Variance, as a measurement of dispersion, is a basic component of decision-making processes. Recent advances in intelligent systems have included the concept of variance in information fusion techniques for decision-making under uncertainty. These dispersion measures broaden the spectrum of decision makers by extending the toolset for the analysis and modeling of problems. This paper introduces some variance logarithmic averaging operators, including the variance generalized ordered weighted averaging (Var-GOWLA) operator and the induced variance generalized ordered weighted averaging (Var-IGOWLA) operator. Moreover, this paper analyzes some properties, families and particular cases of the proposed operators.

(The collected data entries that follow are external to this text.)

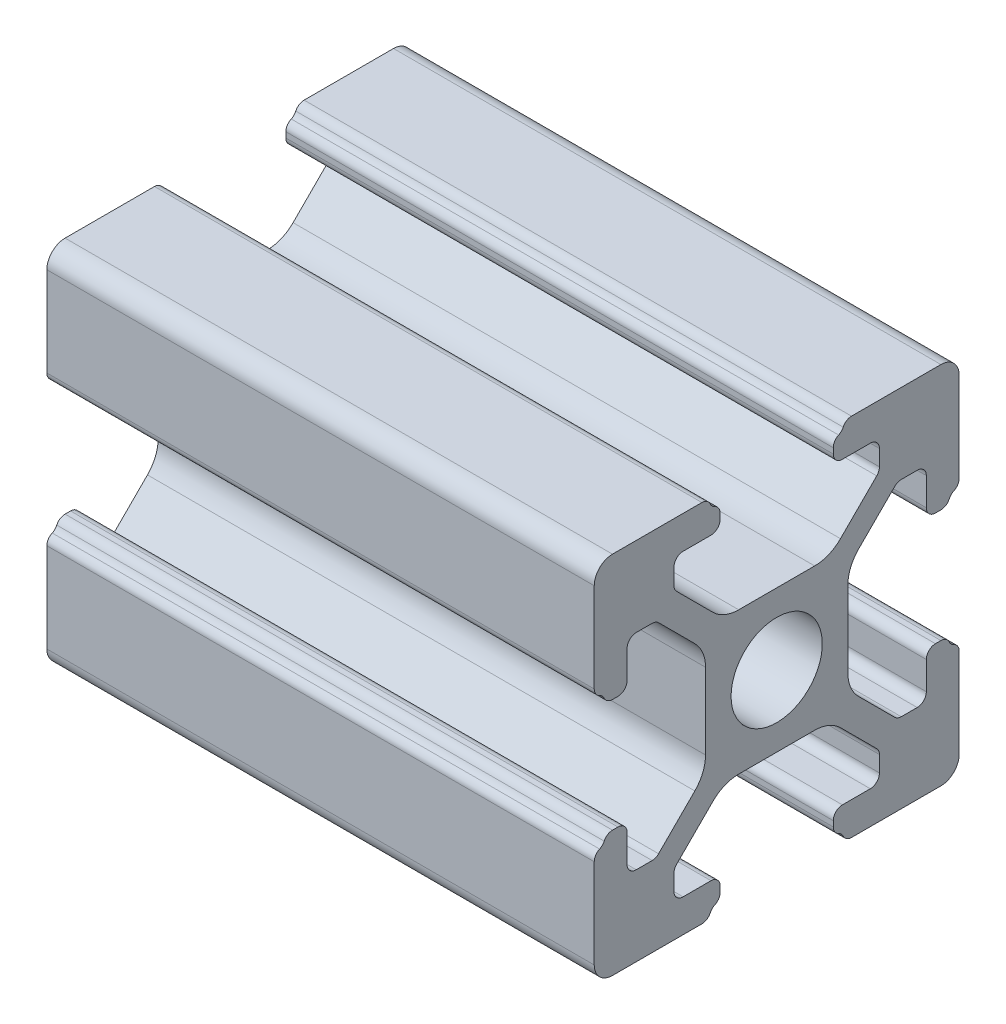
SolidWorks part; units mm, degrees
ref_plane "Front Plane" through (0, 0, 0) normal (0, 0, 1) x (1, 0, 0)
ref_plane "Top Plane" through (0, 0, 0) normal (0, 1, 0) x (1, 0, 0)
ref_plane "Right Plane" through (0, 0, 0) normal (1, 0, 0) x (0, 0, -1)
sketch "Sketch1" plane through (0, 0, 0) normal (1, 0, 0) x (0, 0, -1)
  line L0 (10, 10) -> (-10, -10) construction
  line L1 (-10, 10) -> (10, 10)
  line L2 (-10, 10) -> (-10, -10)
  line L3 (-10, -10) -> (10, -10)
  line L4 (10, 10) -> (10, -10)
  dimension "D1" = 20
extrude "Boss-Extrude1" add sketch "Sketch1" along normal blind 30
fillet "Fillet1" radius 1 4 edges at (15, -10, -10) (15, -10, 10) (15, 10, -10) (15, 10, 10)
sketch "Sketch3" plane through (0, 0, 0) normal (-1, 0, 0) x (0, 0, 1)
  line L0 (-3.6, 10) -> (3.6, 10)
  line L1 (-9, 10) -> (9, 10) construction
  line L2 (3.6, 10) -> (3.6, 9.5)
  line L3 (3.6, 9.5) -> (3.1, 9.5)
  line L4 (3.1, 9.5) -> (3.1, 8.2)
  line L5 (3.1, 8.2) -> (5.63, 8.2)
  line L6 (5.63, 8.2) -> (5.63, 6.6199)
  line L7 (5.63, 6.6199) -> (2.9101, 3.9)
  line L8 (2.9101, 3.9) -> (-2.9101, 3.9)
  line L9 (-2.9101, 3.9) -> (-5.63, 6.6199)
  line L10 (-5.63, 6.6199) -> (-5.63, 8.2)
  line L11 (-5.63, 8.2) -> (-3.1, 8.2)
  line L12 (-3.1, 8.2) -> (-3.1, 9.5)
  line L13 (-3.1, 9.5) -> (-3.6, 9.5)
  line L14 (-3.6, 9.5) -> (-3.6, 10)
  line L15 (0, 10) -> (0, 3.9) construction
  line L16 (10, 3.6) -> (10, -3.6)
  line L17 (10, -3.6) -> (9.5, -3.6)
  line L18 (9.5, -3.6) -> (9.5, -3.1)
  line L19 (9.5, -3.1) -> (8.2, -3.1)
  line L20 (8.2, -3.1) -> (8.2, -5.63)
  line L21 (8.2, -5.63) -> (6.6199, -5.63)
  line L22 (6.6199, -5.63) -> (3.9, -2.9101)
  line L23 (3.9, -2.9101) -> (3.9, 2.9101)
  line L24 (3.9, 2.9101) -> (6.6199, 5.63)
  line L25 (6.6199, 5.63) -> (8.2, 5.63)
  line L26 (8.2, 5.63) -> (8.2, 3.1)
  line L27 (8.2, 3.1) -> (9.5, 3.1)
  line L28 (9.5, 3.1) -> (9.5, 3.6)
  line L29 (9.5, 3.6) -> (10, 3.6)
  line L30 (10, 0) -> (3.9, 0) construction
  line L31 (3.6, -10) -> (-3.6, -10)
  line L32 (-3.6, -10) -> (-3.6, -9.5)
  line L33 (-3.6, -9.5) -> (-3.1, -9.5)
  line L34 (-3.1, -9.5) -> (-3.1, -8.2)
  line L35 (-3.1, -8.2) -> (-5.63, -8.2)
  line L36 (-5.63, -8.2) -> (-5.63, -6.6199)
  line L37 (-5.63, -6.6199) -> (-2.9101, -3.9)
  line L38 (-2.9101, -3.9) -> (2.9101, -3.9)
  line L39 (2.9101, -3.9) -> (5.63, -6.6199)
  line L40 (5.63, -6.6199) -> (5.63, -8.2)
  line L41 (5.63, -8.2) -> (3.1, -8.2)
  line L42 (3.1, -8.2) -> (3.1, -9.5)
  line L43 (3.1, -9.5) -> (3.6, -9.5)
  line L44 (3.6, -9.5) -> (3.6, -10)
  line L45 (0, -10) -> (0, -3.9) construction
  line L46 (-10, -3.6) -> (-10, 3.6)
  line L47 (-10, 3.6) -> (-9.5, 3.6)
  line L48 (-9.5, 3.6) -> (-9.5, 3.1)
  line L49 (-9.5, 3.1) -> (-8.2, 3.1)
  line L50 (-8.2, 3.1) -> (-8.2, 5.63)
  line L51 (-8.2, 5.63) -> (-6.6199, 5.63)
  line L52 (-6.6199, 5.63) -> (-3.9, 2.9101)
  line L53 (-3.9, 2.9101) -> (-3.9, -2.9101)
  line L54 (-3.9, -2.9101) -> (-6.6199, -5.63)
  line L55 (-6.6199, -5.63) -> (-8.2, -5.63)
  line L56 (-8.2, -5.63) -> (-8.2, -3.1)
  line L57 (-8.2, -3.1) -> (-9.5, -3.1)
  line L58 (-9.5, -3.1) -> (-9.5, -3.6)
  line L59 (-9.5, -3.6) -> (-10, -3.6)
  line L60 (-10, 0) -> (-3.9, 0) construction
  line L61 (10, 9) -> (10, -9) construction
  line L62 (-10, -9) -> (-10, 9) construction
  point P4 (0, 10)
  point P17 (0, 0)
  point P26 (10, 0)
  point P43 (0, -10)
  point P60 (-10, 0)
  point P75 (0, 0)
  dimension "D1" = 135
  dimension "D2" = 6.2
  dimension "D3" = 7.2
  dimension "D4" = 6.1
  dimension "D5" = 11.26
  dimension "D6" = 0.5
  dimension "D8" = 1.4
  dimension "D9" = 1.8
  dimension "D7" = 4
extrude "Cut-Extrude1" cut sketch "Sketch3" against normal through all
hole_wizard "Ø5.0 (5) Diameter Hole1" positions "Sketch4" profile "Sketch5" hole size "Ø5.0" standard "ANSI Metric" end condition through all
sketch "Sketch4" plane through (0, 0, 0) normal (-1, 0, 0) x (0, 0, 1)
  point P0 (0, 0)
sketch "Sketch5" plane through (0, 0, 0) normal (0, 1, 0) x (0, 0, 1)
  line L0 (0, 0) -> (0, 30)
  line L1 (0, 30) -> (2.5, 30)
  line L2 (2.5, 30) -> (2.5, 0)
  line L5 (2.5, 0) -> (0, 0)
  line L11 (0, -6.35) -> (0, 107.95) construction
  dimension "Thru Hole Dia." = 5
  dimension "Thru Hole Depth" = 30
fillet "Fillet2" radius 2 8 edges at (15, -3.9, -2.9101) (15, -3.9, 2.9101) (15, -2.9101, 3.9) (15, 2.9101, 3.9) (15, 3.9, 2.9101) (15, 3.9, -2.9101) (15, 2.9101, -3.9) (15, -2.9101, -3.9)
fillet "Fillet3" radius 0.5 20 edges at (15, 3.6, -10) (15, 3.1, -9.5) (15, 3.1, -8.2) (15, 5.63, -8.2) (15, 5.63, -6.6199) (15, 3.6, 10) (15, 3.1, 9.5) (15, 3.1, 8.2) (15, 5.63, 8.2) (15, 5.63, 6.6199) (15, 6.6199, 5.63) (15, 8.2, 5.63) (15, 8.2, 3.1) (15, 9.5, 3.1) (15, 10, 3.6) (15, 9.5, -3.1) (15, 10, -3.6) (15, 8.2, -3.1) (15, 8.2, -5.63) (15, 6.6199, -5.63)
fillet "Fillet4" radius 0.5 20 edges at (15, -3.6, 10) (15, -3.1, 9.5) (15, -3.1, 8.2) (15, -5.63, 8.2) (15, -5.63, 6.6199) (15, -6.6199, 5.63) (15, -8.2, 5.63) (15, -8.2, 3.1) (15, -10, 3.6) (15, -9.5, 3.1) (15, -10, -3.6) (15, -9.5, -3.1) (15, -8.2, -3.1) (15, -8.2, -5.63) (15, -6.6199, -5.63) (15, -5.63, -6.6199) (15, -5.63, -8.2) (15, -3.1, -8.2) (15, -3.1, -9.5) (15, -3.6, -10)
fillet "Fillet5" radius 0.5 8 edges at (15, 3.6, -9.5) (15, -3.6, -9.5) (15, -9.5, -3.6) (15, -9.5, 3.6) (15, -3.6, 9.5) (15, 3.6, 9.5) (15, 9.5, 3.6) (15, 9.5, -3.6)

Finally, an illustrative example of the characteristic design of the operators is proposed using real-world information retrieved from financial markets. The objective of this paper is to analyze the performance of some equities based on the expected payoff and the dispersion of its elements. Results show that the equity payoff results present diverse rankings combined with the proposed operators, and the introduced variance measures aid decision-making by offering new tools for information analysis. These results are particularly interesting when selecting logarithmic averaging operators for decision-making processes. The approach presented in this paper extends the available tools for decision-making under ignorance, uncertainty, and subjective environments.

Suggested Citation

  • Rodrigo Gómez Monge & Evaristo Galeana Figueroa & Víctor G. Alfaro-García & José M. Merigó & Ronald R. Yager, 2021. "Variances and Logarithmic Aggregation Operators: Extended Tools for Decision-Making Processes," Mathematics, MDPI, vol. 9(16), pages 1-19, August.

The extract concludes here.